CJ> [Neural nets] are limited in the patterns that they recognize,
CJ> and are stumped by change.
LS>                                      *flame bit set*
LS> Go read about Adaptive Resonance Theory (ART) before making sweeping
LS> and false generalisations of this nature!

CJ> I would have thought stochastic convergence theory more relevant
CJ> than resonance theory.

LS> I refer to "stumped by change", which admittedly is rather
LS> inexact in itself. I am not familiar with "stochastic convergence",
LS> although perhaps there is another name for it?

In my original message I did clarify this somewhat.  The point is
that neural nets in essence automate Bayesian types of induction
algorithms.  In adapting to change, they only do so according to
statistical/numerical rules that are bounded by their (implicit
or explicit) preprogrammed characterizations and
parameterizations of their inputs.  Thus, a change in the basic
*type* of pattern is beyond their cognition.  Second, a change in
the parameters of patterns they can adaptively recognize is only
implemented over the time it takes for them to make enough
mistakes that the earlier statistics are in effect overwritten.
Third, I do not dispute that the
characterizations/parameterizations of neural nets are complex
enough to provide for "differences" (which could be called
"changes") in individual sets of observations (e.g. differently
shaped letters in optical readers).

Stochastic convergence addresses the rate at which statistical
induction algorithims converge to their asymptotic solutions, if
and when they do.  Given stable input distributions (i.e. no
changes!), convergence has been shown for all but the most
pathalogical kinds of input - but the process nevertheless takes
many observations in many cases.  Adaption does not even begin
until after the first mistaken classification.

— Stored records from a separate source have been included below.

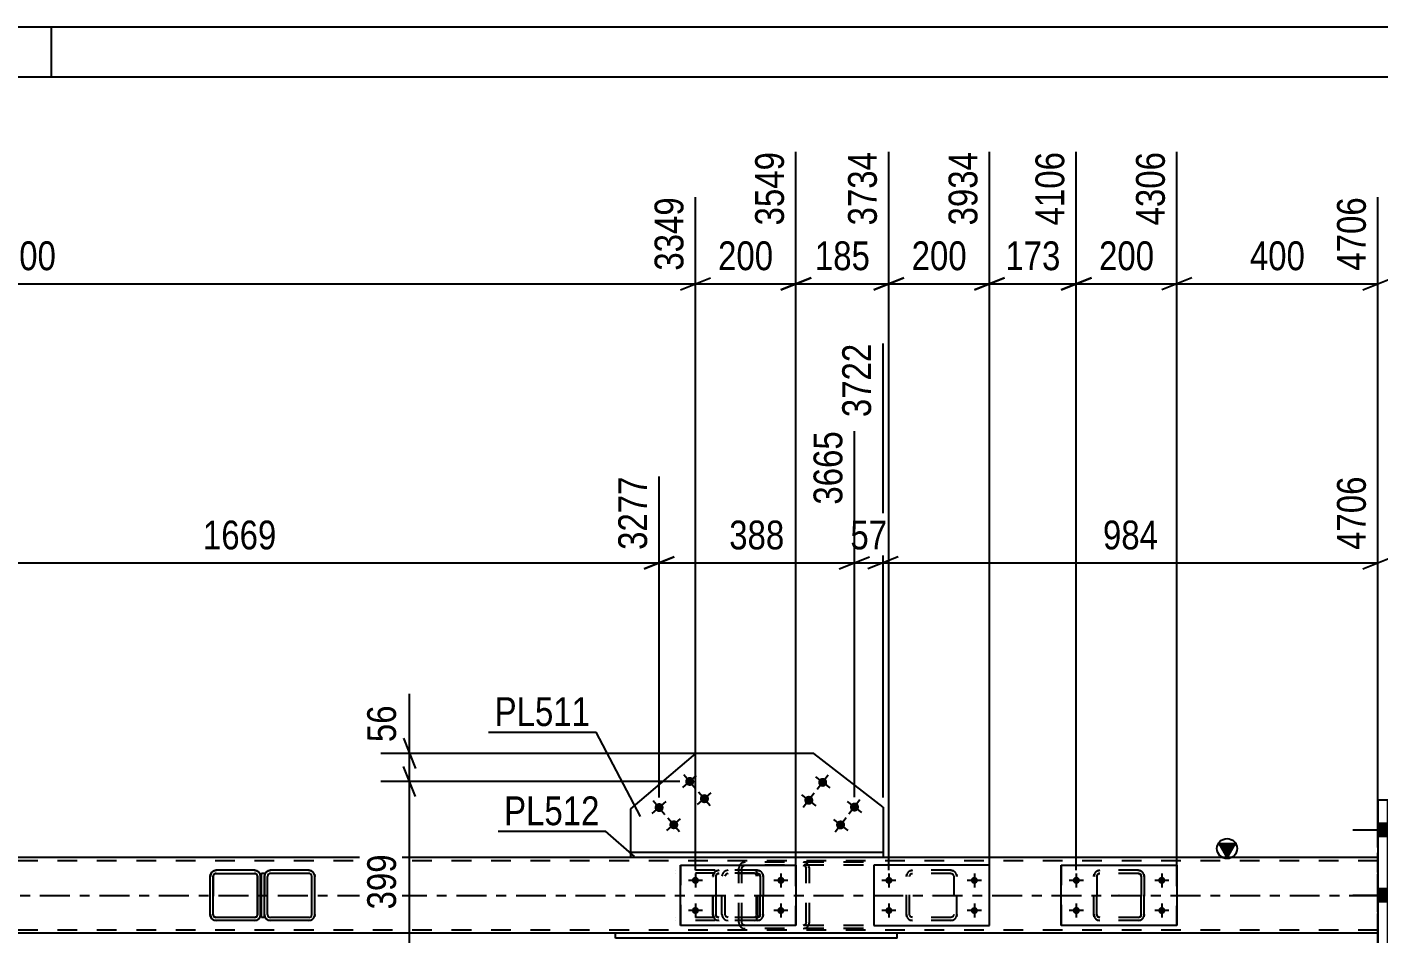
# Model space of a CAD drawing. Header units: millimetres. Extents: x 0 to 841, y 0 to 594.
# Drawn here: x 208.6 to 343, y 503.8 to 594 of the extents above; entities that cross this region are included whole.
import ezdxf

# ---------------------------------------------------------------- set-up
doc = ezdxf.new("R2010")
doc.units = ezdxf.units.MM
doc.linetypes.add('DXK_LINE_DOT2', pattern=[3.9198, 1.9599, -1.9599])
doc.linetypes.add('DXK_LINE_DOT3', pattern=[5.9187, 2.979, -0.9799, 0.9799, -0.9799])
doc.styles.add('Arial Narrow', font='ARIALN.TTF', dxfattribs={"height": 0.2})

# ---------------------------------------------------------------- blocks, each defined once
blk = doc.blocks.new('Unknown-570386953-1113')
at = {"color": 5, "linetype": 'Continuous'}
for p, q in [((841, 594), (0, 594)), ((211, 589), (211, 594)), ((836, 589), (5, 589))]:
    blk.add_line(p, q, dxfattribs=at)
blk = doc.blocks.new('Bolt-570386953-2512 - 2434')
at = {"linetype": 'Continuous'}
for points in [[(294.28, 508.78, -1), (294.28, 509.48, -1)], [(302.78, 508.78, -1), (302.78, 509.48, -1)], [(294.28, 505.78, -1), (294.28, 506.48, -1)], [(302.78, 505.78, -1), (302.78, 506.48, -1)]]:
    blk.add_hatch(color=1, dxfattribs=at).paths.add_polyline_path(points)
at = {"color": 1, "linetype": 'Continuous'}
for p, q in [((294.28, 509.83), (294.28, 508.43)), ((302.78, 509.83), (302.78, 508.43)), ((294.98, 509.13), (293.58, 509.13)), ((303.48, 509.13), (302.08, 509.13)), ((294.98, 506.13), (293.58, 506.13)), ((294.28, 506.83), (294.28, 505.43)), ((303.48, 506.13), (302.08, 506.13)), ((302.78, 506.83), (302.78, 505.43))]:
    blk.add_line(p, q, dxfattribs=at)
blk = doc.blocks.new('Part-570386953-2445 - 2434')
at = {"color": 2, "linetype": 'Continuous'}
for p, q in [((304.28, 510.63), (292.78, 510.63)), ((292.78, 510.63), (292.78, 504.63)), ((304.28, 504.63), (304.28, 510.63)), ((292.78, 504.63), (304.28, 504.63))]:
    blk.add_line(p, q, dxfattribs=at)
blk = doc.blocks.new('Part-570386953-2563 - 2434')
at = {"color": 2, "linetype": 'Continuous'}
for p, q in [((231.88, 505.44), (231.88, 509.84)), ((231.88, 509.84), (232.18, 509.84)), ((232.18, 509.84), (232.18, 509.53)), ((232.18, 505.44), (232.18, 505.73)), ((232.18, 505.44), (231.88, 505.44))]:
    blk.add_line(p, q, dxfattribs=at)
at = {"color": 7, "linetype": 'DXK_LINE_DOT2'}
blk.add_line((232.18, 509.53), (232.18, 505.73), dxfattribs=at)
blk = doc.blocks.new('Part-570386953-2511 - 2434')
at = {"color": 2, "linetype": 'Continuous'}
for p, q in [((293.7, 511.89), (268.58, 511.89)), ((268.58, 511.89), (268.58, 511.39)), ((293.7, 511.39), (268.58, 511.39)), ((293.7, 511.89), (293.7, 511.39))]:
    blk.add_line(p, q, dxfattribs=at)
blk = doc.blocks.new('Part-570386953-2447 - 2434')
at = {"color": 7, "linetype": 'DXK_LINE_DOT2'}
for p, q in [((296.03, 509.53), (296.08, 509.76)), ((296.08, 509.76), (296.03, 509.53)), ((296.33, 509.53), (296.36, 509.65)), ((296.36, 509.65), (296.42, 509.74)), ((296.4, 510.09), (296.63, 510.13)), ((296.63, 510.13), (296.4, 510.09)), ((296.42, 509.74), (296.52, 509.81)), ((296.52, 509.81), (296.63, 509.83)), ((300.43, 510.13), (296.63, 510.13)), ((300.43, 509.83), (296.63, 509.83)), ((300.43, 510.13), (300.66, 510.09)), ((300.66, 510.09), (300.43, 510.13)), ((300.43, 509.83), (300.55, 509.81)), ((300.55, 509.81), (300.64, 509.74)), ((300.64, 509.74), (300.71, 509.65)), ((300.71, 509.65), (300.73, 509.53)), ((300.99, 509.76), (301.03, 509.53)), ((301.03, 509.53), (300.99, 509.76)), ((296.03, 505.73), (296.03, 509.53)), ((296.33, 505.73), (296.33, 509.53)), ((300.73, 509.53), (300.73, 505.73)), ((301.03, 505.73), (301.03, 509.53)), ((296.08, 505.5), (296.03, 505.73)), ((296.03, 505.73), (296.08, 505.5)), ((296.36, 505.62), (296.33, 505.73)), ((296.42, 505.52), (296.36, 505.62)), ((300.71, 505.62), (300.64, 505.52)), ((300.73, 505.73), (300.71, 505.62)), ((301.03, 505.73), (300.99, 505.5)), ((300.99, 505.5), (301.03, 505.73)), ((296.63, 505.13), (296.4, 505.18)), ((296.4, 505.18), (296.63, 505.13)), ((296.52, 505.46), (296.42, 505.52)), ((296.63, 505.43), (296.52, 505.46)), ((300.43, 505.43), (296.63, 505.43)), ((300.43, 505.13), (296.63, 505.13)), ((300.55, 505.46), (300.43, 505.43)), ((300.66, 505.18), (300.43, 505.13)), ((300.43, 505.13), (300.66, 505.18)), ((300.64, 505.52), (300.55, 505.46))]:
    blk.add_line(p, q, dxfattribs=at)
at = {"color": 7, "linetype": 'DXK_LINE_DOT3'}
blk.add_line((298.53, 507.63), (298.53, 507.63), dxfattribs=at)
at = {"color": 7, "linetype": 'DXK_LINE_DOT2'}
for centre, start, end in [((296.63, 509.53), 112.5, 157.5), ((296.63, 509.53), 112.5, 157.5), ((300.43, 509.53), 22.5, 67.5), ((300.43, 509.53), 22.5, 67.5), ((296.63, 505.73), 202.5, 247.5), ((296.63, 505.73), 202.5, 247.5), ((300.43, 505.73), 292.5, 337.5), ((300.43, 505.73), 292.5, 337.5)]:
    blk.add_arc(centre, 0.6, start, end, dxfattribs=at)
blk = doc.blocks.new('Part-570386953-2557 - 2434')
at = {"color": 7, "linetype": 'DXK_LINE_DOT2'}
for p, q in [((314.66, 509.53), (314.71, 509.76)), ((314.72, 509.76), (314.67, 509.53)), ((314.99, 509.65), (314.96, 509.53)), ((314.97, 509.53), (315, 509.65)), ((315.05, 509.75), (314.99, 509.65)), ((315, 509.65), (315.06, 509.75)), ((315.03, 510.09), (315.26, 510.13)), ((315.03, 510.09), (315.04, 510.09)), ((315.27, 510.13), (315.04, 510.09)), ((315.15, 509.81), (315.05, 509.75)), ((315.06, 509.75), (315.16, 509.81)), ((315.26, 509.83), (315.15, 509.81)), ((315.16, 509.81), (315.27, 509.83)), ((319.07, 510.13), (315.26, 510.13)), ((319.07, 509.83), (315.26, 509.83)), ((319.06, 510.13), (319.29, 510.09)), ((319.18, 509.81), (319.06, 509.83)), ((319.3, 510.09), (319.07, 510.13)), ((319.07, 509.83), (319.19, 509.81)), ((319.18, 509.81), (319.19, 509.81)), ((319.28, 509.75), (319.18, 509.81)), ((319.19, 509.81), (319.29, 509.75)), ((319.34, 509.65), (319.28, 509.75)), ((319.29, 509.75), (319.35, 509.65)), ((319.36, 509.53), (319.34, 509.65)), ((319.35, 509.65), (319.37, 509.53)), ((319.62, 509.76), (319.66, 509.53)), ((319.67, 509.53), (319.63, 509.76)), ((314.66, 509.53), (314.67, 509.53)), ((314.66, 505.73), (314.66, 509.53)), ((314.67, 505.73), (314.67, 509.53)), ((314.97, 509.53), (314.96, 509.53)), ((314.96, 509.53), (314.96, 505.73)), ((314.97, 505.73), (314.97, 509.53)), ((319.37, 509.53), (319.36, 509.53)), ((319.36, 509.53), (319.36, 505.73)), ((319.37, 505.73), (319.37, 509.53)), ((319.67, 509.53), (319.66, 509.53)), ((319.66, 509.53), (319.66, 505.73)), ((319.67, 505.73), (319.67, 509.53)), ((314.67, 505.73), (314.66, 505.73)), ((314.71, 505.5), (314.66, 505.73)), ((314.67, 505.73), (314.72, 505.5)), ((314.96, 505.73), (314.97, 505.73)), ((314.96, 505.73), (314.99, 505.62)), ((315, 505.62), (314.97, 505.73)), ((314.99, 505.62), (315.05, 505.52)), ((315.06, 505.52), (315, 505.62)), ((319.28, 505.52), (319.34, 505.62)), ((319.35, 505.62), (319.29, 505.52)), ((319.34, 505.62), (319.36, 505.73)), ((319.37, 505.73), (319.35, 505.62)), ((319.36, 505.73), (319.37, 505.73)), ((319.66, 505.73), (319.62, 505.5)), ((319.63, 505.5), (319.67, 505.73)), ((319.66, 505.73), (319.67, 505.73)), ((315.03, 505.18), (315.04, 505.18)), ((315.26, 505.13), (315.03, 505.18)), ((315.04, 505.18), (315.27, 505.13)), ((315.05, 505.52), (315.15, 505.46)), ((315.16, 505.46), (315.06, 505.52)), ((315.15, 505.46), (315.26, 505.43)), ((315.27, 505.43), (315.16, 505.46)), ((319.07, 505.43), (315.26, 505.43)), ((319.07, 505.13), (315.26, 505.13)), ((319.06, 505.43), (319.18, 505.46)), ((319.29, 505.18), (319.06, 505.13)), ((319.19, 505.46), (319.07, 505.43)), ((319.07, 505.13), (319.3, 505.18)), ((319.18, 505.46), (319.28, 505.52)), ((319.18, 505.46), (319.19, 505.46)), ((319.29, 505.52), (319.19, 505.46))]:
    blk.add_line(p, q, dxfattribs=at)
at = {"color": 7, "linetype": 'DXK_LINE_DOT3'}
blk.add_line((317.18, 507.63), (317.16, 507.63), dxfattribs=at)
at = {"color": 7, "linetype": 'DXK_LINE_DOT2'}
for centre, start, end in [((315.26, 509.53), 112.5, 157.5), ((315.27, 509.53), 112.5, 157.5), ((319.06, 509.53), 22.5, 67.5), ((319.07, 509.53), 22.5, 67.5), ((315.26, 505.73), 202.5, 247.5), ((315.27, 505.73), 202.5, 247.5), ((319.06, 505.73), 292.5, 337.5), ((319.07, 505.73), 292.5, 337.5)]:
    blk.add_arc(centre, 0.6, start, end, dxfattribs=at)
blk = doc.blocks.new('Part-570386953-2495 - 2434')
at = {"color": 7, "linetype": 'DXK_LINE_DOT2'}
for p, q in [((280.93, 510.14), (273.08, 510.14)), ((280.93, 509.84), (273.08, 509.84)), ((277.73, 509.76), (277.68, 509.54)), ((278, 509.54), (278.02, 509.65)), ((278.02, 509.65), (278.09, 509.75)), ((278.31, 510.14), (278.07, 510.09)), ((278.09, 509.75), (278.19, 509.81)), ((278.19, 509.81), (278.31, 509.84)), ((279.35, 509.84), (279.35, 510.14)), ((281.06, 510.09), (280.93, 510.14)), ((280.93, 509.84), (280.99, 509.81)), ((280.99, 509.81), (281.05, 509.75)), ((281.05, 509.75), (281.08, 509.65)), ((281.16, 509.96), (281.06, 510.09)), ((281.08, 509.65), (281.1, 509.54)), ((281.24, 509.76), (281.16, 509.96)), ((281.26, 509.54), (281.24, 509.76)), ((277.68, 505.74), (277.68, 509.54)), ((278, 505.74), (278, 509.54)), ((281.1, 505.74), (281.1, 509.54)), ((281.26, 505.74), (281.26, 509.54)), ((277.68, 505.74), (277.73, 505.51)), ((278.02, 505.62), (278, 505.74)), ((278.09, 505.52), (278.02, 505.62)), ((281.08, 505.62), (281.05, 505.52)), ((281.1, 505.74), (281.08, 505.62)), ((281.24, 505.51), (281.26, 505.74)), ((280.93, 505.44), (273.08, 505.44)), ((280.93, 505.14), (273.08, 505.14)), ((278.07, 505.18), (278.31, 505.14)), ((278.19, 505.46), (278.09, 505.52)), ((278.31, 505.44), (278.19, 505.46)), ((279.35, 505.14), (279.35, 505.44)), ((280.99, 505.46), (280.93, 505.44)), ((280.93, 505.14), (281.06, 505.18)), ((281.05, 505.52), (280.99, 505.46)), ((281.06, 505.18), (281.16, 505.31)), ((281.16, 505.31), (281.24, 505.51))]:
    blk.add_line(p, q, dxfattribs=at)
for centre, start, end in [((278.3, 509.52), 111.1513, 156.1049), ((278.3, 505.75), 203.8951, 248.8487)]:
    blk.add_arc(centre, 0.616, start, end, dxfattribs=at)
blk = doc.blocks.new('Part-570386953-2498 - 2434')
at = {"color": 2, "linetype": 'Continuous'}
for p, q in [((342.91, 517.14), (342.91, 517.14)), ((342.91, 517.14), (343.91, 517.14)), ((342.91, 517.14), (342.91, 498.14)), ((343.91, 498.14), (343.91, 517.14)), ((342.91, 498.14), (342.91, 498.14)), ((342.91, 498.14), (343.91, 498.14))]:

Thanks for the reference.  The kind of stochastic convergence
that applies to generic neural net methodologies was worked on by
J. Van Ryzin in the 1960s.  Incidentally, the asymptotic result
is not an approach to certainty of pattern recognition, but an
approach to the minimum attainable probability of
misclassification.  See, e.g., Repetitive Play In Finite
Statistical Games With Unknown Distributions by Van Ryzin, Annals
of Mathematical Statistics, Vol. 37, No. 4, Aug. 1966.